WSU researchers extend life of batteries

PULLMAN — To anyone frustrated by the maddeningly short time their cellphone battery holds a charge, help is on the way.

Washington State University materials engineering professor Grant Norton is leading a team that could triple the life of the lithium-ion batteries commonly used in consumer electronics. And strangely enough, it involves tiny tin “whiskers,” and something akin to a shave.

“It’s caused many, many millions of dollars in failures of microelectronic devices over many, many decades,” Norton said of the growth of whisker-like structures that can lead to short circuits. “The earliest example that I found in the literature was radar problems back in the second World War that were caused by tin whisker growth on the tin-plated electronics.”

A rechargeable lithium-ion battery is composed of two electrodes — the cathode and the anode — which are separated by an electrolyte. Lithium ions move from the cathode during charging, and are stored as energy by the anode. The reverse occurs during discharging to create an electric current.

Current lithium-ion batteries typically have anodes made from graphite, which only has about a third of the energy-storing capacity of tin. But the tin anodes suffer from whisker growth, which can short-circuit a battery.

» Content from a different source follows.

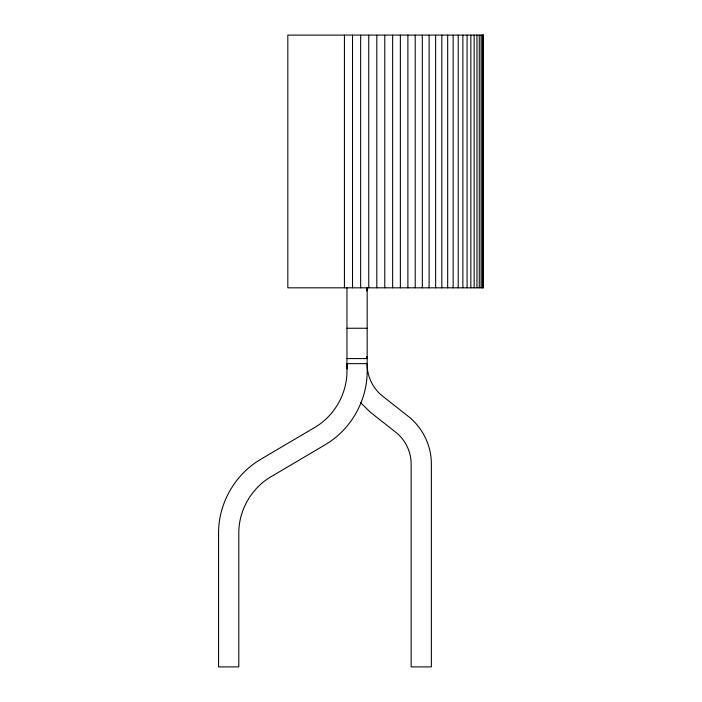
<?xml version="1.0" encoding="UTF-8"?>
<svg xmlns="http://www.w3.org/2000/svg" width="702" height="702" viewBox="0 0 702 702"><rect width="100%" height="100%" fill="white"/><g stroke="black" fill="none" stroke-linecap="round" stroke-linejoin="round"><path stroke-width="1.05" d="M366.734 291.014L367.172 287.82L367.172 370.902C367.392 400.745 350.746 429.905 324.938 444.892L271.086 476.693C251.36 488.162 238.636 510.451 238.794 533.274L238.794 666.9L218.576 666.9L218.576 533.274C218.357 503.431 235.003 474.271 260.811 459.283L314.663 427.483C334.389 416.014 347.113 393.725 346.955 370.902L346.955 287.82M346.955 328.255L367.172 328.255M346.955 358.582L367.172 358.582L366.786 356.493M346.955 363.636L367.172 363.636M360.363 402.413L370.086 412.03L395.726 432.213C405.344 439.75 411.179 451.772 411.144 463.987L411.144 666.9L431.361 666.9L431.361 463.987C431.432 445.665 422.674 427.615 408.231 416.33L382.599 396.147C372.973 388.61 367.137 376.588 367.172 364.373M346.955 364.373L347.13 368.936M483.16 35.1L483.16 287.82M482.379 35.1L482.379 287.82M481.081 35.1L481.081 287.82M479.273 35.1L479.273 287.82M476.956 35.1L476.956 287.82M474.148 35.1L474.148 287.82M470.849 35.1L470.849 287.82M467.084 35.1L467.084 287.82M462.872 35.1L462.872 287.82M458.213 35.1L458.213 287.82M453.141 35.1L453.141 287.82M447.674 35.1L447.674 287.82M441.83 35.1L441.83 287.82M435.635 35.1L435.635 287.82M429.115 35.1L429.115 287.82M422.306 35.1L422.306 287.82M415.215 35.1L415.215 287.82M407.897 35.1L407.897 287.82M400.359 35.1L400.359 287.82M392.646 35.1L392.646 287.82M384.784 35.1L384.784 287.82M376.807 35.1L376.807 287.82M368.752 35.1L368.752 287.82M360.652 35.1L360.652 287.82M352.527 35.1L352.527 287.82M344.428 35.1L344.428 287.82M483.424 35.1L287.82 35.1L287.82 287.82L483.424 287.82L483.424 35.1"/></g></svg>

Getting rid of the whiskers has consistently bedeviled engineers, including Norton and his team, which has worked on the problem for the better part of a decade.

But about 18 months ago, as Norton puts it, he decided to make lemonade from his lemons.

“We sort of turned the problem on its head,” he said. “We’ve got these interesting structures, so let’s find ways that we can use them, instead of looking at them as annoying structures.”

Norton set out to deliberately create the whiskers, but in a controlled way so they wouldn’t grow beyond their designed length. And he put a physical separator in the battery’s electrolyte, providing another layer of protection.

And the best thing about the new structures, called “nanoneedles,” is that producing them on a large scale should be cheap and easy through electroplating.

“It’s a process that’s been scaled up already,” Norton said. “So we didn’t have to reinvent the wheel in terms of a processing method. We’re using something that is a very cost-effective way of making these coatings.”

That also means battery manufacturers could simply replace their carbon-based anodes with Norton’s new tin-plated anodes, and avoid costly redesigns.

He said the university has already filed patent applications for the technology, and talks have started with commercial electroplating companies. If all goes smoothly, Norton estimated the higher-capacity batteries could start appearing in consumer electronics like phones, laptops and digital cameras in a year, and in electric car batteries in about four years.